Lines from the top of the entries down to the line with "alpha = 0.1" must be set down exactly as they stand, with both ends retained.

Dataset entries
__________________________________________________

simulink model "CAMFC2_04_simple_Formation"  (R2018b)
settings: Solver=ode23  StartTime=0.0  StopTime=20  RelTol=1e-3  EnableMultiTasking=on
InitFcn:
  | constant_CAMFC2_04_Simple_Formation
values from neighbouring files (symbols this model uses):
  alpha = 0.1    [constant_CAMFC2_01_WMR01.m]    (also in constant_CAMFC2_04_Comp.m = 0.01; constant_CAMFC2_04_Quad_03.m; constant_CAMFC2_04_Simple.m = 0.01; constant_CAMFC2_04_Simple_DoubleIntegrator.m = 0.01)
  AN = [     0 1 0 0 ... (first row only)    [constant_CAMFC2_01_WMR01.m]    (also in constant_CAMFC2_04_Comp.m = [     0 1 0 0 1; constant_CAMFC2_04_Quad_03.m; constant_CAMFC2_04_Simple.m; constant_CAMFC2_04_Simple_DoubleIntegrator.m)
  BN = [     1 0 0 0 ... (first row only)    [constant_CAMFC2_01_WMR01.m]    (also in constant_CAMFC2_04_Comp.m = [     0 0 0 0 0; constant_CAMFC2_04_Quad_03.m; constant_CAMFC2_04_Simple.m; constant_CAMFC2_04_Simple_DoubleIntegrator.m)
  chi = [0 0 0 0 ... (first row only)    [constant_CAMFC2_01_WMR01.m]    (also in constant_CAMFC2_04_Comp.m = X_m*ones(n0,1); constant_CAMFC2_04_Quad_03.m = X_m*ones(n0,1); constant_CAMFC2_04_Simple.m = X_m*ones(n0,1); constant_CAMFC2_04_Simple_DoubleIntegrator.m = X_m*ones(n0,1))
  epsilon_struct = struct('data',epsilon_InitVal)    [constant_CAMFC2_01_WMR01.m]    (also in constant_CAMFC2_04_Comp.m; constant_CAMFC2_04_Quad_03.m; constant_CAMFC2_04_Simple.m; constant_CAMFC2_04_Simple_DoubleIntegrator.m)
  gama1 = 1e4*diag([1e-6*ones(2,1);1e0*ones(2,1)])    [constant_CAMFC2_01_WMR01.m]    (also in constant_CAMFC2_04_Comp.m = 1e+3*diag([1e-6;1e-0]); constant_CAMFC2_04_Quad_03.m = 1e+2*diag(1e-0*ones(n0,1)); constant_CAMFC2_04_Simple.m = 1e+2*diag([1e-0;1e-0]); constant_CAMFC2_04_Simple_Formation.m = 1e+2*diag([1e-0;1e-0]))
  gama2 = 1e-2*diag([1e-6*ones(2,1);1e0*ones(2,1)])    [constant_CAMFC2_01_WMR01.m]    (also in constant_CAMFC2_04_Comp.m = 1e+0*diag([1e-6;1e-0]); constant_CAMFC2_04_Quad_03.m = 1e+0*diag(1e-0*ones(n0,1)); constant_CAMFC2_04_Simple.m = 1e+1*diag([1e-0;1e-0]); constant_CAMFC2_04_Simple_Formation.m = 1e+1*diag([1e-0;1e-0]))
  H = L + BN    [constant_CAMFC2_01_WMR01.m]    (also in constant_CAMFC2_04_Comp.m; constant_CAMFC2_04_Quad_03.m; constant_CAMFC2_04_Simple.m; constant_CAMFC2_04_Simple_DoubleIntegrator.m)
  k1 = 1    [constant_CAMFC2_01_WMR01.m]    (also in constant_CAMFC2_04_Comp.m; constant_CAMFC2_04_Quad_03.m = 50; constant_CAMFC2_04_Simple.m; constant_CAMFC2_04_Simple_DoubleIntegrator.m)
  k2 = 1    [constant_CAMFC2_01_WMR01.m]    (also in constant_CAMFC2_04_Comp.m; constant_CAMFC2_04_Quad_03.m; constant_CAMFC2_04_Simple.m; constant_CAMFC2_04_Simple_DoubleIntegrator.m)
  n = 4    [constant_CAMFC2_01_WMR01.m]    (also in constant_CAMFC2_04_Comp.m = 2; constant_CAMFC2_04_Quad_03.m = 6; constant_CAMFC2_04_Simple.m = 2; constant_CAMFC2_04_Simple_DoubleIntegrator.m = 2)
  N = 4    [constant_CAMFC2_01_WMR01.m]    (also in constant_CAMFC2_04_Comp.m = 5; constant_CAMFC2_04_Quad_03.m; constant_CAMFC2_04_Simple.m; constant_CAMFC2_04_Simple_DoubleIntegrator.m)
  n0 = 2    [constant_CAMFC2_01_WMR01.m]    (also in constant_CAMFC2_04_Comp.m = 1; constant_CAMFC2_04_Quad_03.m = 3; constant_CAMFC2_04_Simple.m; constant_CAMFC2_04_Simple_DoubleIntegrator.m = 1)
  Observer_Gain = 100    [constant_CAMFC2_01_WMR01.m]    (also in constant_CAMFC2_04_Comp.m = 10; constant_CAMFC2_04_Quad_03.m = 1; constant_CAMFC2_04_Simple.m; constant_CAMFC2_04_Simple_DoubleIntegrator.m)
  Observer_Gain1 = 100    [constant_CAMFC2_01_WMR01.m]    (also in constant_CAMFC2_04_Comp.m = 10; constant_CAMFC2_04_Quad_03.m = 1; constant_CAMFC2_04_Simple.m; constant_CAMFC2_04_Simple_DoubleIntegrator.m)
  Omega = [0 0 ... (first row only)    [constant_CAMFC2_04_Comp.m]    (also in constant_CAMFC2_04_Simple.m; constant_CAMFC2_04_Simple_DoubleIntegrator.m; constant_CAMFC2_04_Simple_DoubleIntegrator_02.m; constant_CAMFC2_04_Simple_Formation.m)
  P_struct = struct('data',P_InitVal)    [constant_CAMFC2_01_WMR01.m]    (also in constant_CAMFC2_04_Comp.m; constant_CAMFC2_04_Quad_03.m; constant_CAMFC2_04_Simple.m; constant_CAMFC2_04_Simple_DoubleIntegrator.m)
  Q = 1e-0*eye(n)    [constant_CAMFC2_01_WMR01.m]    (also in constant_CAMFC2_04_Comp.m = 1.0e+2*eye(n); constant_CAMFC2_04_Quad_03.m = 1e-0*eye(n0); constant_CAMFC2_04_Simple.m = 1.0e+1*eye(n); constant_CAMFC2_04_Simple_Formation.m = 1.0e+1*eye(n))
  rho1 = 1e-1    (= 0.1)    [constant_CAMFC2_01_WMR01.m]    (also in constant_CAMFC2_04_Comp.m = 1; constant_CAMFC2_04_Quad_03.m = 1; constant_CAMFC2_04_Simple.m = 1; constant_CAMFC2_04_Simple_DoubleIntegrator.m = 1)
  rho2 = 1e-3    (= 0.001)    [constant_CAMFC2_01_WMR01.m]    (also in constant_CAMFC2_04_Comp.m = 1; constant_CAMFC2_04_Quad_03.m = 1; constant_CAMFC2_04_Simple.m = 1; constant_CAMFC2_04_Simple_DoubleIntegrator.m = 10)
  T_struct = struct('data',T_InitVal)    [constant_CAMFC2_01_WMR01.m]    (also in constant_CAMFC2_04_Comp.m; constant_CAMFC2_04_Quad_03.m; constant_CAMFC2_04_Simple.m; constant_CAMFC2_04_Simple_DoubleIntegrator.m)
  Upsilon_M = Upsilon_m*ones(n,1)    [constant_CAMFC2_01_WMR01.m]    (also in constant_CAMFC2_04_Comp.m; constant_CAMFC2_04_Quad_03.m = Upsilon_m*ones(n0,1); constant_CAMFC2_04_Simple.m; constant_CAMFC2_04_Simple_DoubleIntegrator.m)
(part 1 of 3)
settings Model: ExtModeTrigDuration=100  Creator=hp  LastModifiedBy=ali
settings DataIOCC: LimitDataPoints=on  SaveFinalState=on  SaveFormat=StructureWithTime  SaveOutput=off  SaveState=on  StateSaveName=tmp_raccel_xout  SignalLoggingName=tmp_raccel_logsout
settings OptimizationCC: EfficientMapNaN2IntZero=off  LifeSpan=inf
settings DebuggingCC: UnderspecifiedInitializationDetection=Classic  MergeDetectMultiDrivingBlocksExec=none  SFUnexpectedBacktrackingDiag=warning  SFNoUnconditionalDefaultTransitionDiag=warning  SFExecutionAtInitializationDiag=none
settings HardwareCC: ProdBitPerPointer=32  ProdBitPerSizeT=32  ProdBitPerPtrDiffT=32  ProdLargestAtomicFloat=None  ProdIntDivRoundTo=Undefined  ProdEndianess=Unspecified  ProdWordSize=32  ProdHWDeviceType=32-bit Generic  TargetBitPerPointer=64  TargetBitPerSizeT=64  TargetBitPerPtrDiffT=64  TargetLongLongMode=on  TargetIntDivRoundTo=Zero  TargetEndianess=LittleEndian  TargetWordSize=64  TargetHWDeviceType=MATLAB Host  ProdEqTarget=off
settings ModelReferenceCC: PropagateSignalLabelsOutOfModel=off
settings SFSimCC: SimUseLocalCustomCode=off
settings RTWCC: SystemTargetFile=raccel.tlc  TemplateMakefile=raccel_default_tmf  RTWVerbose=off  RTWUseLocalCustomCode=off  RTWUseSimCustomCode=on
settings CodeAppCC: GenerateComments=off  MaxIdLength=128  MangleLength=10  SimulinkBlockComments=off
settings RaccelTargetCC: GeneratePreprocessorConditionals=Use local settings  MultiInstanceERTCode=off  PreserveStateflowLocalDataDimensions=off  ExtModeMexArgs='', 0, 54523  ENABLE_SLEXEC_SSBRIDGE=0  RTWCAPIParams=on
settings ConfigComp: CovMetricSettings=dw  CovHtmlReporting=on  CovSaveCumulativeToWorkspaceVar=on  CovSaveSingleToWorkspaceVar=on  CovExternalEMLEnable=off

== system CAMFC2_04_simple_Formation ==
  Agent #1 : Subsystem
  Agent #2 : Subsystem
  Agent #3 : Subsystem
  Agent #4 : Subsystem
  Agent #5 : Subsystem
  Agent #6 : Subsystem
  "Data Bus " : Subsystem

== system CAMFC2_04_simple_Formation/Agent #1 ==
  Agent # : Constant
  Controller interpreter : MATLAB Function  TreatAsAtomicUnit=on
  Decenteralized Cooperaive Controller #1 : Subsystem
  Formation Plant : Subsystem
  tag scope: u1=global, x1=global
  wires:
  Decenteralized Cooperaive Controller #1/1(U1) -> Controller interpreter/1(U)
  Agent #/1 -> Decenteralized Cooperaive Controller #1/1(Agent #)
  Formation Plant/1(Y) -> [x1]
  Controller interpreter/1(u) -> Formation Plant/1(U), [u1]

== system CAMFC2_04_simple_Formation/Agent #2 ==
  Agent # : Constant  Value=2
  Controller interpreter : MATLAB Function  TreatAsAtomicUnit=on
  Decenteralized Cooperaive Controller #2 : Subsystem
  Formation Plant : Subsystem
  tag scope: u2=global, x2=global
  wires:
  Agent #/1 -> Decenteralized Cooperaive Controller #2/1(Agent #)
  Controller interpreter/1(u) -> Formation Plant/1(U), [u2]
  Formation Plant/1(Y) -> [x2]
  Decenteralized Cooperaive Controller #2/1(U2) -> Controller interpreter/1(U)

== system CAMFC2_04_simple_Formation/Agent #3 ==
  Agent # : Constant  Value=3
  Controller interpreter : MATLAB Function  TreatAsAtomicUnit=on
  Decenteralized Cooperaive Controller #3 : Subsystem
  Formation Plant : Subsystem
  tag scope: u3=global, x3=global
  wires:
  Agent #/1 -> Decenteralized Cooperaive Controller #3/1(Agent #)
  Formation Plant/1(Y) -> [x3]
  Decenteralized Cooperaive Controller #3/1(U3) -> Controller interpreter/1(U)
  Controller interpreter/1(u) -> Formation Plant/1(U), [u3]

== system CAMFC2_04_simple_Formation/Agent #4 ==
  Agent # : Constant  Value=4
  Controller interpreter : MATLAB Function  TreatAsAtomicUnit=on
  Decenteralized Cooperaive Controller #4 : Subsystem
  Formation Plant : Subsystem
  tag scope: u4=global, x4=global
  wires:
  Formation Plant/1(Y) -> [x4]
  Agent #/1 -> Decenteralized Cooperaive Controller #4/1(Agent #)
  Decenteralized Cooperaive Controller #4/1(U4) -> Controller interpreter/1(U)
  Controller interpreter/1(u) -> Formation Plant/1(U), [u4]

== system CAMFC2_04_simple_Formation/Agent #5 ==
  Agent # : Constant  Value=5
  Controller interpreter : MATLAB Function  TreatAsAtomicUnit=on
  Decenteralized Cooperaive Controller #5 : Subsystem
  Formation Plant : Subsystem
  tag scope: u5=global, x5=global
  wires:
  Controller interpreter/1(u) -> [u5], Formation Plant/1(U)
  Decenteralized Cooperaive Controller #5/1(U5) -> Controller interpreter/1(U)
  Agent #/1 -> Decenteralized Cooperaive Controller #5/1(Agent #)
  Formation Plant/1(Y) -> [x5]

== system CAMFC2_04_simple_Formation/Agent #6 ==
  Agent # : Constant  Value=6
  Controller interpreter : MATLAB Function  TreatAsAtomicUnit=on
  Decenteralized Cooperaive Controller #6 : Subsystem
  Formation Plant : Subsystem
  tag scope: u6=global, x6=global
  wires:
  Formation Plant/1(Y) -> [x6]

__________________________________________________

**Task response**
simulink model "CAMFC2_04_simple_Formation"  (R2018b)
settings: Solver=ode23  StartTime=0.0  StopTime=20  RelTol=1e-3  EnableMultiTasking=on
InitFcn:
  | constant_CAMFC2_04_Simple_Formation
values from neighbouring files (symbols this model uses):
  alpha = 0.1    [constant_CAMFC2_01_WMR01.m]    (also in constant_CAMFC2_04_Comp.m = 0.01; constant_CAMFC2_04_Quad_03.m; constant_CAMFC2_04_Simple.m = 0.01; constant_CAMFC2_04_Simple_DoubleIntegrator.m = 0.01)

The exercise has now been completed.